The son of Cuban immigrants, Parron grew up in Miami. His father was also an entrepreneur, initially as an early mass producer of kitchen cabinets and later as a builder and designer of department stores. His mother, a kitchen designer, was artistic, someone who “would build a complete papier-mâché Pueblo Indian village while I was asleep.”
“My father was very business and my mother was very creative,” Parron recalls. “I’m a combination of the two.”
The elder Parrons were music fans whose wide-ranging tastes included Cuban standards, the Rolling Stones and Julio Iglesias. The couple often took Parron and his younger brother to concerts, plays and ballets. “My parents really wanted us to be culturally connected,” he says. “They wanted us to assimilate as Americans.”
Parron began playing saxophone when he was 6 years old—and still picks it up for relaxation. A few years later, his parents purchased one of the first Apple home computers, sparking his interest in tech. When he was in elementary school, his parents signed him up for a computer programming class aimed at adults. When the instructors balked at taking on a child, Parron’s parents promised not to ask for a refund if he couldn’t keep up. He was soon doing laps around the adults.

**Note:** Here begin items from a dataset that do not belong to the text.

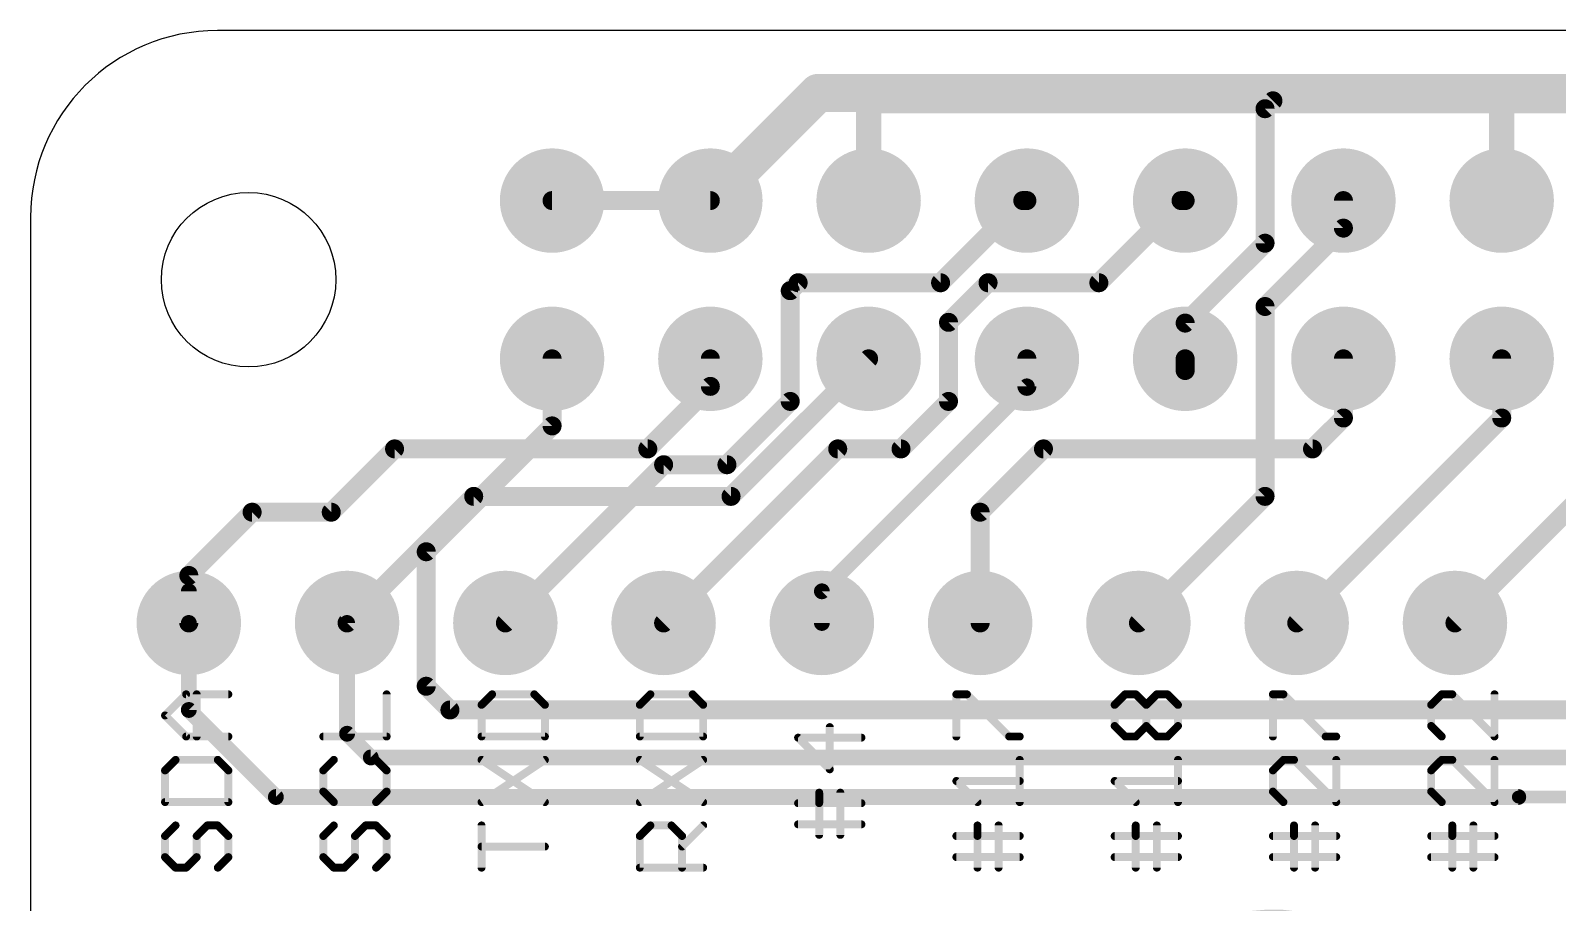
# Model space of a CAD drawing. Extents: x 0 to 70.9, y -1.3 to 55.2.
# Drawn here: x 0 to 24.5, y 41.23 to 55.23 of the extents above; entities that cross this region are included whole.
import ezdxf

# ---------------------------------------------------------------- set-up
doc = ezdxf.new("R2010")
doc.units = 0
for name, color, linetype in [('1', 12, 'CONTINUOUS'), ('16', 132, 'CONTINUOUS'), ('17', 110, 'CONTINUOUS'), ('20', 40, 'CONTINUOUS'), ('21', 40, 'CONTINUOUS')]:
    doc.layers.add(name, color=color, linetype=linetype)

# ---------------------------------------------------------------- blocks, each defined once
blk = doc.blocks.new('ROUNDP')
at = {"const_width": 0.5}
blk.add_lwpolyline([(0, -0.25, 1), (0, 0.25, 1), (0, -0.25)], format="xyb", dxfattribs=at)

msp = doc.modelspace()

# ---------------------------------------------------------------- linework, layer by layer
at = {"layer": '1'}
for points, const_width in [([(10.91, 52.5), (12.639, 54.229)], 0.6096), ([(12.639, 54.229), (29.591, 54.229)], 0.6096), ([(17.145, 51.181), (18.464, 52.5)], 0.3048), ([(18.464, 52.5), (18.53, 52.5)], 0.3048), ([(14.732, 50.546), (15.367, 51.181)], 0.3048), ([(15.367, 51.181), (17.145, 51.181)], 0.3048), ([(14.732, 49.276), (14.732, 50.546)], 0.3048), ([(10.91, 49.518), (10.91, 49.96)], 0.3048), ([(11.242, 47.752), (13.45, 49.96)], 0.3048), ([(15.99, 49.518), (15.99, 49.96)], 0.3048), ([(21.07, 49.01), (21.07, 49.96)], 0.3048), ([(23.61, 49.01), (23.61, 49.96)], 0.3048), ([(9.906, 48.514), (10.91, 49.518)], 0.3048), ([(15.99, 49.518), (12.7, 46.228)], 0.254), ([(13.97, 48.514), (14.732, 49.276)], 0.3048), ([(20.32, 45.72), (23.61, 49.01)], 0.3048), ([(20.574, 48.514), (21.07, 49.01)], 0.3048), ([(22.86, 45.72), (26.15, 49.01)], 0.3048), ([(4.826, 47.498), (5.842, 48.514)], 0.3048), ([(5.842, 48.514), (9.906, 48.514)], 0.3048), ([(10.16, 45.72), (12.954, 48.514)], 0.3048), ([(12.954, 48.514), (13.97, 48.514)], 0.3048), ([(15.24, 47.498), (16.256, 48.514)], 0.3048), ([(16.256, 48.514), (20.574, 48.514)], 0.3048), ([(5.08, 45.72), (7.112, 47.752)], 0.3048), ([(7.112, 47.752), (11.242, 47.752)], 0.3048), ([(2.54, 46.482), (3.556, 47.498)], 0.3048), ([(3.556, 47.498), (4.826, 47.498)], 0.3048), ([(15.24, 45.72), (15.24, 47.498)], 0.3048), ([(2.54, 45.72), (2.54, 46.482)], 0.3048), ([(12.7, 46.228), (12.7, 45.72)], 0.254)]:
    msp.add_lwpolyline(points, dxfattribs=dict(at, const_width=const_width))
for points, const_width in [([(12.639, 54.3814, 1), (12.639, 54.0766)], 0.3048), ([(12.7468, 54.1212, 1), (12.5312, 54.3368)], 0.3048), ([(10.8022, 52.6078, 1), (11.0178, 52.3922)], 0.3048), ([(18.464, 52.5762, 1), (18.464, 52.4238)], 0.1524), ([(18.5179, 52.4461, 1), (18.4101, 52.5539)], 0.1524), ([(18.53, 52.4238, 1), (18.53, 52.5762)], 0.1524), ([(15.367, 51.2572, 1), (15.367, 51.1048)], 0.1524), ([(15.4209, 51.1271, 1), (15.3131, 51.2349)], 0.1524), ([(17.0911, 51.2349, 1), (17.1989, 51.1271)], 0.1524), ([(17.145, 51.1048, 1), (17.145, 51.2572)], 0.1524), ([(14.8082, 50.546, 1), (14.6558, 50.546)], 0.1524), ([(14.6781, 50.5999, 1), (14.7859, 50.4921)], 0.1524), ([(10.9862, 49.96, 1), (10.8338, 49.96)], 0.1524), ([(13.5039, 49.9061, 1), (13.3961, 50.0139)], 0.1524), ([(16.0662, 49.96, 1), (15.9138, 49.96)], 0.1524), ([(21.1462, 49.96, 1), (20.9938, 49.96)], 0.1524), ([(23.6862, 49.96, 1), (23.5338, 49.96)], 0.1524), ([(10.8338, 49.518, 1), (10.9862, 49.518)], 0.1524), ([(10.9639, 49.4641, 1), (10.8561, 49.5719)], 0.1524), ([(15.9138, 49.518, 1), (16.0662, 49.518)], 0.1524), ([(16.0349, 49.4731, 1), (15.9451, 49.5629)], 0.127), ([(14.6558, 49.276, 1), (14.8082, 49.276)], 0.1524), ([(14.7859, 49.2221, 1), (14.6781, 49.3299)], 0.1524), ([(20.9938, 49.01, 1), (21.1462, 49.01)], 0.1524), ([(21.1239, 48.9561, 1), (21.0161, 49.0639)], 0.1524), ([(23.5338, 49.01, 1), (23.6862, 49.01)], 0.1524), ([(23.6639, 48.9561, 1), (23.5561, 49.0639)], 0.1524), ([(5.842, 48.5902, 1), (5.842, 48.4378)], 0.1524), ([(5.8959, 48.4601, 1), (5.7881, 48.5679)], 0.1524), ([(9.8521, 48.5679, 1), (9.9599, 48.4601)], 0.1524), ([(9.906, 48.4378, 1), (9.906, 48.5902)], 0.1524), ([(12.954, 48.5902, 1), (12.954, 48.4378)], 0.1524), ([(13.0079, 48.4601, 1), (12.9001, 48.5679)], 0.1524), ([(13.9161, 48.5679, 1), (14.0239, 48.4601)], 0.1524), ([(13.97, 48.4378, 1), (13.97, 48.5902)], 0.1524), ([(16.256, 48.5902, 1), (16.256, 48.4378)], 0.1524), ([(16.3099, 48.4601, 1), (16.2021, 48.5679)], 0.1524), ([(20.5201, 48.5679, 1), (20.6279, 48.4601)], 0.1524), ([(20.574, 48.4378, 1), (20.574, 48.5902)], 0.1524), ([(7.112, 47.8282, 1), (7.112, 47.6758)], 0.1524), ([(7.1659, 47.6981, 1), (7.0581, 47.8059)], 0.1524), ([(11.1881, 47.8059, 1), (11.2959, 47.6981)], 0.1524), ([(11.242, 47.6758, 1), (11.242, 47.8282)], 0.1524), ([(3.556, 47.5742, 1), (3.556, 47.4218)], 0.1524), ([(3.6099, 47.4441, 1), (3.5021, 47.5519)], 0.1524), ([(4.7721, 47.5519, 1), (4.8799, 47.4441)], 0.1524), ([(4.826, 47.4218, 1), (4.826, 47.5742)], 0.1524), ([(15.3162, 47.498, 1), (15.1638, 47.498)], 0.1524), ([(15.1861, 47.5519, 1), (15.2939, 47.4441)], 0.1524), ([(2.6162, 46.482, 1), (2.4638, 46.482)], 0.1524), ([(2.4861, 46.5359, 1), (2.5939, 46.4281)], 0.1524), ([(12.7635, 46.228, 1), (12.6365, 46.228)], 0.127), ([(12.6551, 46.2729, 1), (12.7449, 46.1831)], 0.127), ([(5.0261, 45.7739, 1), (5.1339, 45.6661)], 0.1524), ([(10.1061, 45.7739, 1), (10.2139, 45.6661)], 0.1524), ([(20.2661, 45.7739, 1), (20.3739, 45.6661)], 0.1524), ([(22.8061, 45.7739, 1), (22.9139, 45.6661)], 0.1524), ([(2.4638, 45.72, 1), (2.6162, 45.72)], 0.1524), ([(12.6365, 45.72, 1), (12.7635, 45.72)], 0.127), ([(15.1638, 45.72, 1), (15.3162, 45.72)], 0.1524)]:
    msp.add_lwpolyline(points, format="xyb", dxfattribs=dict(at, const_width=const_width))
at = {"layer": '16'}
for points, const_width in [([(13.45, 52.5), (13.45, 54.102)], 0.4064), ([(13.45, 54.102), (19.939, 54.102)], 0.4064), ([(19.812, 53.975), (19.939, 54.102)], 0.3048), ([(19.939, 54.102), (23.61, 54.102)], 0.4064), ([(23.61, 52.5), (23.61, 54.102)], 0.4064), ([(23.61, 54.102), (31.23, 54.102)], 0.4064), ([(19.812, 51.816), (19.812, 53.975)], 0.3048), ([(10.91, 52.5), (8.37, 52.5)], 0.3048), ([(14.605, 51.181), (15.924, 52.5)], 0.3048), ([(15.924, 52.5), (15.99, 52.5)], 0.3048), ([(21.07, 52.058), (21.07, 52.5)], 0.3048), ([(19.812, 50.8), (21.07, 52.058)], 0.3048), ([(18.53, 50.534), (19.812, 51.816)], 0.3048), ([(12.192, 51.054), (12.319, 51.181)], 0.3048), ([(12.319, 51.181), (14.605, 51.181)], 0.3048), ([(12.192, 49.276), (12.192, 51.054)], 0.3048), ([(19.812, 47.752), (19.812, 50.8)], 0.3048), ([(18.53, 49.96), (18.53, 50.534)], 0.3048), ([(8.37, 49.96), (8.37, 48.883)], 0.3048), ([(18.53, 49.772), (18.53, 49.96)], 0.3048), ([(11.176, 48.26), (12.192, 49.276)], 0.3048), ([(8.37, 48.883), (6.35, 46.863)], 0.3048), ([(7.62, 45.72), (10.16, 48.26)], 0.3048), ([(10.16, 48.26), (11.176, 48.26)], 0.3048), ([(17.78, 45.72), (19.812, 47.752)], 0.3048), ([(6.35, 46.863), (6.35, 44.704)], 0.3048), ([(2.54, 46.228), (2.54, 45.72)], 0.254), ([(2.54, 44.323), (2.54, 45.72)], 0.254), ([(5.08, 43.942), (5.08, 45.72)], 0.254), ([(6.35, 44.704), (6.731, 44.323)], 0.3048), ([(3.937, 42.926), (2.54, 44.323)], 0.254), ([(6.731, 44.323), (29.21, 44.323)], 0.3048), ([(5.461, 43.561), (5.08, 43.942)], 0.254), ([(25.654, 43.561), (5.461, 43.561)], 0.254), ([(23.876, 42.926), (3.937, 42.926)], 0.254), ([(24.765, 42.926), (23.876, 42.926)], 0.2032)]:
    msp.add_lwpolyline(points, dxfattribs=dict(at, const_width=const_width))
for points, const_width in [([(13.5516, 54.102, 1), (13.3484, 54.102)], 0.2032), ([(13.45, 54.2036, 1), (13.45, 54.0004)], 0.2032), ([(19.939, 54.2036, 1), (19.939, 54.0004)], 0.2032), ([(19.9929, 54.0481, 1), (19.8851, 54.1559)], 0.1524), ([(19.939, 54.0004, 1), (19.939, 54.2036)], 0.2032), ([(23.7116, 54.102, 1), (23.5084, 54.102)], 0.2032), ([(23.61, 54.2036, 1), (23.61, 54.0004)], 0.2032), ([(23.61, 54.0004, 1), (23.61, 54.2036)], 0.2032), ([(19.8882, 53.975, 1), (19.7358, 53.975)], 0.1524), ([(19.7581, 54.0289, 1), (19.8659, 53.9211)], 0.1524), ([(8.37, 52.5762, 1), (8.37, 52.4238)], 0.1524), ([(10.91, 52.4238, 1), (10.91, 52.5762)], 0.1524), ([(13.3484, 52.5, 1), (13.5516, 52.5)], 0.2032), ([(15.924, 52.5762, 1), (15.924, 52.4238)], 0.1524), ([(15.9779, 52.4461, 1), (15.8701, 52.5539)], 0.1524), ([(15.99, 52.4238, 1), (15.99, 52.5762)], 0.1524), ([(21.1462, 52.5, 1), (20.9938, 52.5)], 0.1524), ([(23.5084, 52.5, 1), (23.7116, 52.5)], 0.2032), ([(21.1239, 52.0041, 1), (21.0161, 52.1119)], 0.1524), ([(19.8659, 51.7621, 1), (19.7581, 51.8699)], 0.1524), ([(20.9938, 52.058, 1), (21.1462, 52.058)], 0.1524), ([(19.7358, 51.816, 1), (19.8882, 51.816)], 0.1524), ([(12.319, 51.2572, 1), (12.319, 51.1048)], 0.1524), ([(12.3729, 51.1271, 1), (12.2651, 51.2349)], 0.1524), ([(14.5511, 51.2349, 1), (14.6589, 51.1271)], 0.1524), ([(14.605, 51.1048, 1), (14.605, 51.2572)], 0.1524), ([(12.2682, 51.054, 1), (12.1158, 51.054)], 0.1524), ([(12.1381, 51.1079, 1), (12.2459, 51.0001)], 0.1524), ([(19.8882, 50.8, 1), (19.7358, 50.8)], 0.1524), ([(19.7581, 50.8539, 1), (19.8659, 50.7461)], 0.1524), ([(18.6062, 50.534, 1), (18.4538, 50.534)], 0.1524), ([(18.4761, 50.5879, 1), (18.5839, 50.4801)], 0.1524), ([(8.4462, 49.96, 1), (8.2938, 49.96)], 0.1524), ([(18.6062, 49.96, 1), (18.4538, 49.96)], 0.1524), ([(18.4538, 49.96, 1), (18.6062, 49.96)], 0.1524), ([(18.4538, 49.772, 1), (18.6062, 49.772)], 0.1524), ([(12.1158, 49.276, 1), (12.2682, 49.276)], 0.1524), ([(12.2459, 49.2221, 1), (12.1381, 49.3299)], 0.1524), ([(8.4239, 48.8291, 1), (8.3161, 48.9369)], 0.1524), ([(8.2938, 48.883, 1), (8.4462, 48.883)], 0.1524), ([(10.16, 48.3362, 1), (10.16, 48.1838)], 0.1524), ([(10.2139, 48.2061, 1), (10.1061, 48.3139)], 0.1524), ([(11.1221, 48.3139, 1), (11.2299, 48.2061)], 0.1524), ([(11.176, 48.1838, 1), (11.176, 48.3362)], 0.1524), ([(19.7358, 47.752, 1), (19.8882, 47.752)], 0.1524), ([(19.8659, 47.6981, 1), (19.7581, 47.8059)], 0.1524), ([(6.4262, 46.863, 1), (6.2738, 46.863)], 0.1524), ([(6.2961, 46.9169, 1), (6.4039, 46.8091)], 0.1524), ([(2.6035, 46.228, 1), (2.4765, 46.228)], 0.127), ([(2.6035, 45.72, 1), (2.4765, 45.72)], 0.127), ([(5.1435, 45.72, 1), (5.0165, 45.72)], 0.127), ([(7.5661, 45.7739, 1), (7.6739, 45.6661)], 0.1524), ([(17.7261, 45.7739, 1), (17.8339, 45.6661)], 0.1524), ([(2.4765, 45.72, 1), (2.6035, 45.72)], 0.127), ([(6.4039, 44.7579, 1), (6.2961, 44.6501)], 0.1524), ([(6.2738, 44.704, 1), (6.4262, 44.704)], 0.1524), ([(2.5849, 44.3679, 1), (2.4951, 44.2781)], 0.127), ([(2.4765, 44.323, 1), (2.6035, 44.323)], 0.127), ([(6.731, 44.3992, 1), (6.731, 44.2468)], 0.1524), ([(6.6771, 44.2691, 1), (6.7849, 44.3769)], 0.1524), ([(5.1249, 43.9869, 1), (5.0351, 43.8971)], 0.127), ([(5.0165, 43.942, 1), (5.1435, 43.942)], 0.127), ([(5.461, 43.6245, 1), (5.461, 43.4975)], 0.127), ([(5.4161, 43.5161, 1), (5.5059, 43.6059)], 0.127), ([(3.937, 42.9895, 1), (3.937, 42.8625)], 0.127), ([(3.8921, 42.8811, 1), (3.9819, 42.9709)], 0.127), ([(23.876, 42.9768, 1), (23.876, 42.8752)], 0.1016), ([(23.876, 42.8625, 1), (23.876, 42.9895)], 0.127)]:
    msp.add_lwpolyline(points, format="xyb", dxfattribs=dict(at, const_width=const_width))
at = {"layer": '20'}
for p, q in [((62, 55.23), (3, 55.23)), ((0, 52.23), (0, 1.73))]:
    msp.add_line(p, q, dxfattribs=at)
msp.add_circle((3.5, 51.23), 1.4, dxfattribs=at)
msp.add_arc((3, 52.23), 3, 90, 180, dxfattribs=at)
at = {"layer": '21', "const_width": 0.127}
for points in [[(2.1581, 44.2357), (2.4971, 44.5746)], [(2.4971, 44.5746), (3.175, 44.5746)], [(2.6666, 43.8967), (2.6666, 44.5746)], [(5.715, 43.8967), (5.715, 44.5746)], [(7.4076, 44.5746), (7.2381, 44.4052)], [(8.0855, 44.5746), (7.4076, 44.5746)], [(8.255, 44.4052), (8.0855, 44.5746)], [(9.9476, 44.5746), (9.7781, 44.4052)], [(10.6255, 44.5746), (9.9476, 44.5746)], [(10.795, 44.4052), (10.6255, 44.5746)], [(14.8581, 43.8967), (14.8581, 44.5746)], [(14.8581, 44.5746), (15.0276, 44.5746)], [(15.0276, 44.5746), (15.7055, 43.8967)], [(17.3981, 44.4052), (17.5676, 44.5746)], [(17.5676, 44.5746), (17.7371, 44.5746)], [(17.7371, 44.5746), (17.9066, 44.4052)], [(17.9066, 44.4052), (18.076, 44.5746)], [(18.076, 44.5746), (18.2455, 44.5746)], [(18.2455, 44.5746), (18.415, 44.4052)], [(19.9381, 43.8967), (19.9381, 44.5746)], [(19.9381, 44.5746), (20.1076, 44.5746)], [(20.1076, 44.5746), (20.7855, 43.8967)], [(22.6476, 44.5746), (22.4781, 44.4052)], [(22.8171, 44.5746), (22.6476, 44.5746)], [(23.495, 43.8967), (22.8171, 44.5746)], [(23.495, 44.5746), (23.495, 43.8967)], [(7.2381, 44.4052), (7.2381, 43.8967)], [(8.255, 43.8967), (8.255, 44.4052)], [(9.7781, 44.4052), (9.7781, 43.8967)], [(10.795, 43.8967), (10.795, 44.4052)], [(17.3981, 44.0662), (17.3981, 44.4052)], [(17.9066, 44.0662), (17.9066, 44.4052)], [(18.415, 44.4052), (18.415, 44.0662)], [(22.4781, 44.4052), (22.4781, 44.0662)], [(2.4971, 43.8967), (2.1581, 44.2357)], [(12.8266, 43.3705), (12.8266, 44.0484)], [(17.5676, 43.8967), (17.3981, 44.0662)], [(17.9066, 44.0662), (17.7371, 43.8967)], [(18.076, 43.8967), (17.9066, 44.0662)], [(18.415, 44.0662), (18.2455, 43.8967)], [(22.4781, 44.0662), (22.6476, 43.8967)], [(3.175, 43.8967), (2.4971, 43.8967)], [(4.6981, 43.8967), (5.715, 43.8967)], [(7.2381, 43.8967), (8.255, 43.8967)], [(9.7781, 43.8967), (10.795, 43.8967)], [(13.335, 43.8789), (12.3181, 43.8789)], [(12.3181, 43.8789), (12.8266, 43.3705)], [(15.7055, 43.8967), (15.875, 43.8967)], [(17.7371, 43.8967), (17.5676, 43.8967)], [(18.2455, 43.8967), (18.076, 43.8967)], [(20.7855, 43.8967), (20.955, 43.8967)], [(2.3276, 43.5222), (2.1581, 43.3527)], [(2.1581, 43.3527), (2.1581, 42.8443)], [(3.0055, 43.5222), (2.3276, 43.5222)], [(3.175, 43.3527), (3.0055, 43.5222)], [(3.175, 42.8443), (3.175, 43.3527)], [(4.8676, 43.5222), (4.6981, 43.3527)], [(4.6981, 43.3527), (4.6981, 43.0138)], [(5.715, 43.3527), (5.5455, 43.5222)], [(5.715, 43.0138), (5.715, 43.3527)], [(7.2381, 42.8443), (8.255, 43.5222)], [(7.2381, 43.5222), (8.255, 42.8443)], [(9.7781, 42.8443), (10.795, 43.5222)], [(9.7781, 43.5222), (10.795, 42.8443)], [(15.875, 42.8443), (15.875, 43.5222)], [(18.415, 42.8443), (18.415, 43.5222)], [(20.1076, 43.5222), (19.9381, 43.3527)], [(19.9381, 43.3527), (19.9381, 43.0138)], [(20.2771, 43.5222), (20.1076, 43.5222)], [(20.955, 42.8443), (20.2771, 43.5222)], [(20.955, 43.5222), (20.955, 42.8443)], [(22.6476, 43.5222), (22.4781, 43.3527)], [(22.4781, 43.3527), (22.4781, 43.0138)], [(22.8171, 43.5222), (22.6476, 43.5222)], [(23.495, 42.8443), (22.8171, 43.5222)], [(23.495, 43.5222), (23.495, 42.8443)], [(15.1971, 42.8443), (14.8581, 43.1832)], [(14.8581, 43.1832), (15.875, 43.1832)], [(17.7371, 42.8443), (17.3981, 43.1832)], [(17.3981, 43.1832), (18.415, 43.1832)], [(2.1581, 42.8443), (3.175, 42.8443)], [(4.6981, 43.0138), (4.8676, 42.8443)], [(4.8676, 42.8443), (5.5455, 42.8443)], [(5.5455, 42.8443), (5.715, 43.0138)], [(12.3181, 42.8265), (13.335, 42.8265)], [(12.6571, 42.8265), (12.6571, 42.996)], [(12.6571, 42.318), (12.6571, 42.8265)], [(12.996, 42.318), (12.996, 42.996)], [(19.9381, 43.0138), (20.1076, 42.8443)], [(22.4781, 43.0138), (22.6476, 42.8443)], [(2.3276, 42.4697), (2.1581, 42.3002)], [(2.6666, 42.3002), (2.836, 42.4697)], [(2.836, 42.4697), (3.0055, 42.4697)], [(3.0055, 42.4697), (3.175, 42.3002)], [(4.8676, 42.4697), (4.6981, 42.3002)], [(5.2066, 42.3002), (5.376, 42.4697)], [(5.376, 42.4697), (5.5455, 42.4697)], [(5.5455, 42.4697), (5.715, 42.3002)], [(7.2381, 41.7918), (7.2381, 42.4697)], [(9.7781, 42.3002), (9.9476, 42.4697)], [(9.9476, 42.4697), (10.2866, 42.4697)], [(10.2866, 42.4697), (10.456, 42.3002)], [(10.456, 42.1308), (10.795, 42.4697)], [(13.335, 42.4875), (12.3181, 42.4875)], [(15.1971, 42.3002), (15.1971, 42.4697)], [(15.536, 41.7918), (15.536, 42.4697)], [(17.7371, 42.3002), (17.7371, 42.4697)], [(18.076, 41.7918), (18.076, 42.4697)], [(20.2771, 42.3002), (20.2771, 42.4697)], [(20.616, 41.7918), (20.616, 42.4697)], [(22.8171, 42.3002), (22.8171, 42.4697)], [(23.156, 41.7918), (23.156, 42.4697)], [(2.1581, 42.3002), (2.1581, 41.9613)], [(2.6666, 41.9613), (2.6666, 42.3002)], [(3.175, 42.3002), (3.175, 41.9613)], [(4.6981, 42.3002), (4.6981, 41.9613)], [(5.2066, 41.9613), (5.2066, 42.3002)], [(5.715, 42.3002), (5.715, 41.9613)], [(8.255, 42.1308), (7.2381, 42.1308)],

For his DJ company, 13-year-old Parron worked out a deal with a local record store to buy albums at wholesale prices, then played private parties and corporate events for clients including Delta Air Lines.
“My father’s mantra was that you’ll learn more from your failures than your successes,” Parron says. “I think that’s true.”
He learned that lesson firsthand in 1998 when, after graduating from Florida International University College of Business, he established Ritmoteca.com, one of the first digital music stores. At its peak, the company employed 200 people and was preparing for an IPO. Then the stock market crashed in 2000, and Napster became popular. After starting law school, he sublicensed his digital-distribution deals and shut down his company.
“You can do everything right, or think you did, and the entire environment can still change in an instant,” Parron says. “You learn to deal with challenges and always keep moving forward, onward and upward.”
Parron’s next move was to attend Florida International University College of Law.
“Look at any major entertainment or sports company, and their largest department is always business and legal affairs,” he says. “You have to really understand the business side to understand the legal side. The type of practice I do is very different from other areas of law, because it’s a blend of legal and business.”
Impressed by his years of entertainment experience, Universal Music Group hired Parron as an in-house counsel for its regional office in Miami before his law school graduation. A few years later, when he left to hang his own shingle, Universal was his first client.
He assumed that, because he was coming from the music industry, musically inclined clients would come to him. That didn’t happen right away. But it did happen.
“It was really a curve between people trusting me as a business person and people trusting me as a lawyer. That takes time,” he says. “It was great when people saw what I was focused on and started to work with me.”
Parron is now plunging into another cutting-edge area—AI within the entertainment and sports industries—and currently working with a “really super-cool startup.” Some days, its principals are flying high. Others, something goes wrong.
“That’s when I become a little bit of a coach,” he says. “At the end of the day, I just want my clients to be successful. It’s exciting to be part of their careers.”